-- ENTRIES SHOWN follows --
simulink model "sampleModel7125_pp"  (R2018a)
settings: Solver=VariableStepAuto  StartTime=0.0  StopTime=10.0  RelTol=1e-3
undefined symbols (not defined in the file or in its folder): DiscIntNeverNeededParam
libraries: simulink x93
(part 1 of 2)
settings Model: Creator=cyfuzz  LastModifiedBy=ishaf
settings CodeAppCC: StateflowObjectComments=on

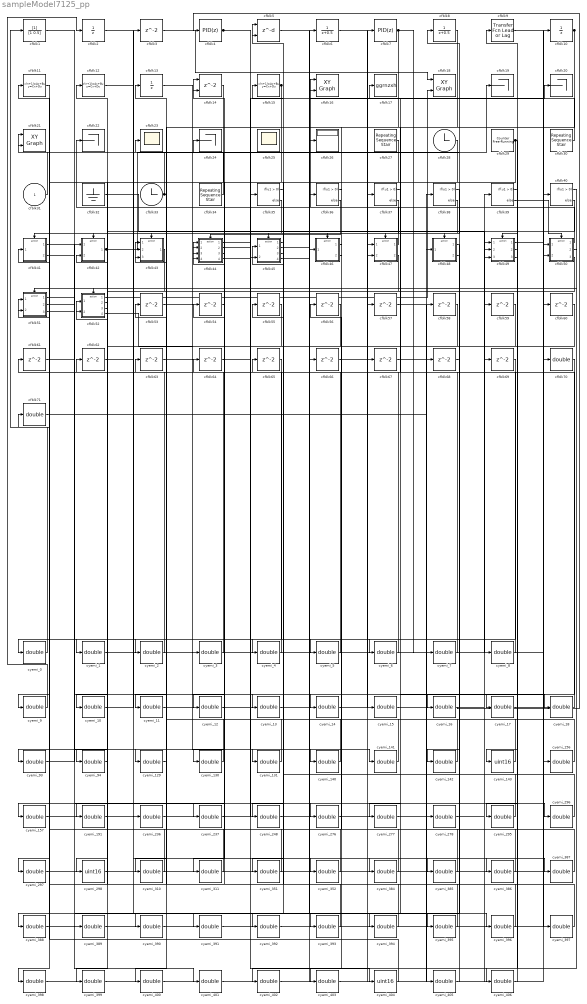
== system sampleModel7125_pp ==
  cfblk31 : Inport
  cfblk1 : DiscreteFilter  SampleTime=1
  cfblk10 : UnitDelay
  cfblk11 : DiscreteStateSpace
  cfblk12 : DiscreteStateSpace
  cfblk13 : UnitDelay
  cfblk14 : Delay  ShowEnablePort=on  SampleTime=1
      settings: InputPortMap=u0,e6
  cfblk15 : DiscreteStateSpace
  cfblk16 : simulink/Sinks/XY Graph  xmin=-1  xmax=1  ymin=-1  ymax=1  st=-1
  cfblk17 : ToWorkspace  VariableName=ggrnzxh  SaveFormat=Timeseries  SampleTime=-1
  cfblk18 : simulink/Sinks/XY Graph  xmin=-1  xmax=1  ymin=-1  ymax=1  st=-1
  cfblk{19..20,22,24} (4 alike) : Terminator
  cfblk2 : UnitDelay
  cfblk21 : simulink/Sinks/XY Graph  xmin=-1  xmax=1  ymin=-1  ymax=1  st=-1
  cfblk23 : Scope
  cfblk25 : Scope
      settings: Floating=on
  cfblk26 : Display
  cfblk27 : simulink/Sources/Repeating Sequence Stair  OutValues=[3 1 4 2 1].'  tsamp=1  OutMin=[]  OutMax=[]  OutDataTypeStr=double  OutputDataTypeScalingMode=double  OutDataType=fixdt(0,8)  ConRadixGroup=Best Precision: Vector-wise  OutScaling=2^-12
  cfblk28 : Clock
  cfblk29 : simulink/Sources/Counter Free-Running  NumBits=16  tsamp=1
  cfblk{3,53..69} (18 alike) : Delay  SampleTime=1
  cfblk30 : simulink/Sources/Repeating Sequence Stair  OutValues=[3 1 4 2 1].'  tsamp=1  OutMin=[]  OutMax=[]  OutDataTypeStr=double  OutputDataTypeScalingMode=double  OutDataType=fixdt(0,8)  ConRadixGroup=Best Precision: Vector-wise  OutScaling=2^-12
  cfblk32 : Ground
  cfblk33 : Clock
  cfblk34 : simulink/Sources/Repeating Sequence Stair  OutValues=[3 1 4 2 1].'  tsamp=1  OutMin=[]  OutMax=[]  OutDataTypeStr=double  OutputDataTypeScalingMode=double  OutDataType=fixdt(0,8)  ConRadixGroup=Best Precision: Vector-wise  OutScaling=2^-12
  cfblk{35..40} (6 alike) : If  SampleTime=1
  cfblk4 : simulink/Continuous/PID Controller  Controller=PID  TimeDomain=Discrete-time  SampleTime=1  IntegratorMethod=Forward Euler  FilterMethod=Forward Euler  Form=Parallel  UseFilter=on  ControllerParametersSource=internal  P=1  I=1  D=0  N=100  InitialConditionSource=internal  InitialConditionForIntegrator=0  InitialConditionForFilter=0  ExternalReset=none  LimitOutput=off  UpperSaturationLimit=inf  LowerSaturationLimit=-inf  LinearizeAsGain=off  AntiWindupMode=none  Kb=1  TrackingMode=off  Kt=1  PParamMin=[]  PParamMax=[]  IParamMin=[]  IParamMax=[]  DParamMin=[]  DParamMax=[]  NParamMin=[]  NParamMax=[]  KbParamMin=[]  KbParamMax=[]  KtParamMin=[]  KtParamMax=[]  POutMin=[]  POutMax=[]  IOutMin=[]  IOutMax=[]  DOutMin=[]  DOutMax=[]  NOutMin=[]  NOutMax=[]  KbOutMin=[]  KbOutMax=[]  KtOutMin=[]  KtOutMax=[]  IntegratorOutMin=[]  IntegratorOutMax=[]  FilterOutMin=[]  FilterOutMax=[]  SumOutMin=[]  SumOutMax=[]  SumI1OutMin=[]  SumI1OutMax=[]  SumI2OutMin=[]  SumI2OutMax=[]  SumI3OutMin=[]  SumI3OutMax=[]  SumDOutMin=[]  SumDOutMax=[]  SaturationOutMin=[]  SaturationOutMax=[]  IntegratorContinuousStateAttributes=''  IntegratorStateMustResolveToSignalObject=off  IntegratorRTWStateStorageClass=Auto  FilterContinuousStateAttributes=''  FilterStateMustResolveToSignalObject=off  FilterRTWStateStorageClass=Auto  DifferentiatorICPrevScaledInput=0  DifferentiatorOutMin=[]  DifferentiatorOutMax=[]  FilterDiffOutCoefMin=[]  FilterDiffOutCoefMax=[]  SumDenOutMin=[]  SumDenOutMax=[]  SumNumOutMin=[]  SumNumOutMax=[]  ReciprocalOutMin=[]  ReciprocalOutMax=[]  DivideOutMin=[]  DivideOutMax=[]  TunerSelectOption=Transfer Function Based (PID Tuner App)
  cfblk41 : Subsystem  TreatAsAtomicUnit=on
  cfblk42 : Subsystem  TreatAsAtomicUnit=on
  cfblk43 : Subsystem  TreatAsAtomicUnit=on
  cfblk44 : Subsystem  TreatAsAtomicUnit=on
  cfblk45 : Subsystem  TreatAsAtomicUnit=on
  cfblk46 : Subsystem  TreatAsAtomicUnit=on
  cfblk47 : Subsystem  TreatAsAtomicUnit=on
  cfblk48 : Subsystem  TreatAsAtomicUnit=on
  cfblk49 : Subsystem  TreatAsAtomicUnit=on
  cfblk5 : Delay  DelayLengthSource=Input port  SampleTime=1
      settings: InputPortMap=u0,p1
  cfblk50 : Subsystem  TreatAsAtomicUnit=on
  cfblk51 : Subsystem  TreatAsAtomicUnit=on
  cfblk52 : Subsystem  TreatAsAtomicUnit=on
  cfblk6 : DiscreteTransferFcn  SampleTime=1
  cfblk7 : simulink/Continuous/PID Controller  Controller=PID  TimeDomain=Discrete-time  SampleTime=1  IntegratorMethod=Forward Euler  FilterMethod=Forward Euler  Form=Parallel  UseFilter=on  ControllerParametersSource=internal  P=1  I=1  D=0  N=100  InitialConditionSource=internal  InitialConditionForIntegrator=0  InitialConditionForFilter=0  ExternalReset=none  LimitOutput=off  UpperSaturationLimit=inf  LowerSaturationLimit=-inf  LinearizeAsGain=off  AntiWindupMode=none  Kb=1  TrackingMode=off  Kt=1  PParamMin=[]  PParamMax=[]  IParamMin=[]  IParamMax=[]  DParamMin=[]  DParamMax=[]  NParamMin=[]  NParamMax=[]  KbParamMin=[]  KbParamMax=[]  KtParamMin=[]  KtParamMax=[]  POutMin=[]  POutMax=[]  IOutMin=[]  IOutMax=[]  DOutMin=[]  DOutMax=[]  NOutMin=[]  NOutMax=[]  KbOutMin=[]  KbOutMax=[]  KtOutMin=[]  KtOutMax=[]  IntegratorOutMin=[]  IntegratorOutMax=[]  FilterOutMin=[]  FilterOutMax=[]  SumOutMin=[]  SumOutMax=[]  SumI1OutMin=[]  SumI1OutMax=[]  SumI2OutMin=[]  SumI2OutMax=[]  SumI3OutMin=[]  SumI3OutMax=[]  SumDOutMin=[]  SumDOutMax=[]  SaturationOutMin=[]  SaturationOutMax=[]  IntegratorContinuousStateAttributes=''  IntegratorStateMustResolveToSignalObject=off  IntegratorRTWStateStorageClass=Auto  FilterContinuousStateAttributes=''  FilterStateMustResolveToSignalObject=off  FilterRTWStateStorageClass=Auto  DifferentiatorICPrevScaledInput=0  DifferentiatorOutMin=[]  DifferentiatorOutMax=[]  FilterDiffOutCoefMin=[]  FilterDiffOutCoefMax=[]  SumDenOutMin=[]  SumDenOutMax=[]  SumNumOutMin=[]  SumNumOutMax=[]  ReciprocalOutMin=[]  ReciprocalOutMax=[]  DivideOutMin=[]  DivideOutMax=[]  TunerSelectOption=Transfer Function Based (PID Tuner App)
  cfblk70 : DataTypeConversion  OutDataTypeStr=double
  cfblk71 : DataTypeConversion  OutDataTypeStr=double
  cfblk8 : DiscreteTransferFcn  SampleTime=1
  cfblk9 : simulink/Discrete/Transfer Fcn Lead or Lag  PoleZ=0.95  ZeroZ=0.75  ICPrevOutput=0.0  ICPrevInput=0.0  DoSatur=off
      settings: SourceProductName=Simulink  SourceProductBaseCode=SL
  cyemi_{0..18,93..94,129..131,140..142,156..157,191,236..237,248,276..278,295..297,310..311,351..352,384..403,405..406} (65 alike) : DataTypeConversion  OutDataTypeStr=double
  cyemi_143 : DataTypeConversion  OutDataTypeStr=uint16
  cyemi_298 : DataTypeConversion  OutDataTypeStr=uint16
  cyemi_404 : DataTypeConversion  OutDataTypeStr=uint16
  wires:
  cfblk34/1 -> cfblk24/1
  cfblk3/1 -> cfblk18/1
  cfblk15/1 -> cyemi_398/1, cyemi_399/1
  cfblk47/1(cfblk2) -> cfblk16/1
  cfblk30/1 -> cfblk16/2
-- ENTRIES SHOWN concluded --
*THE PROBLEM*
Determine the number of lines in the entries that contain the word "xmin". Give that number and nothing more.

*ANSWER TO THE PROBLEM*
3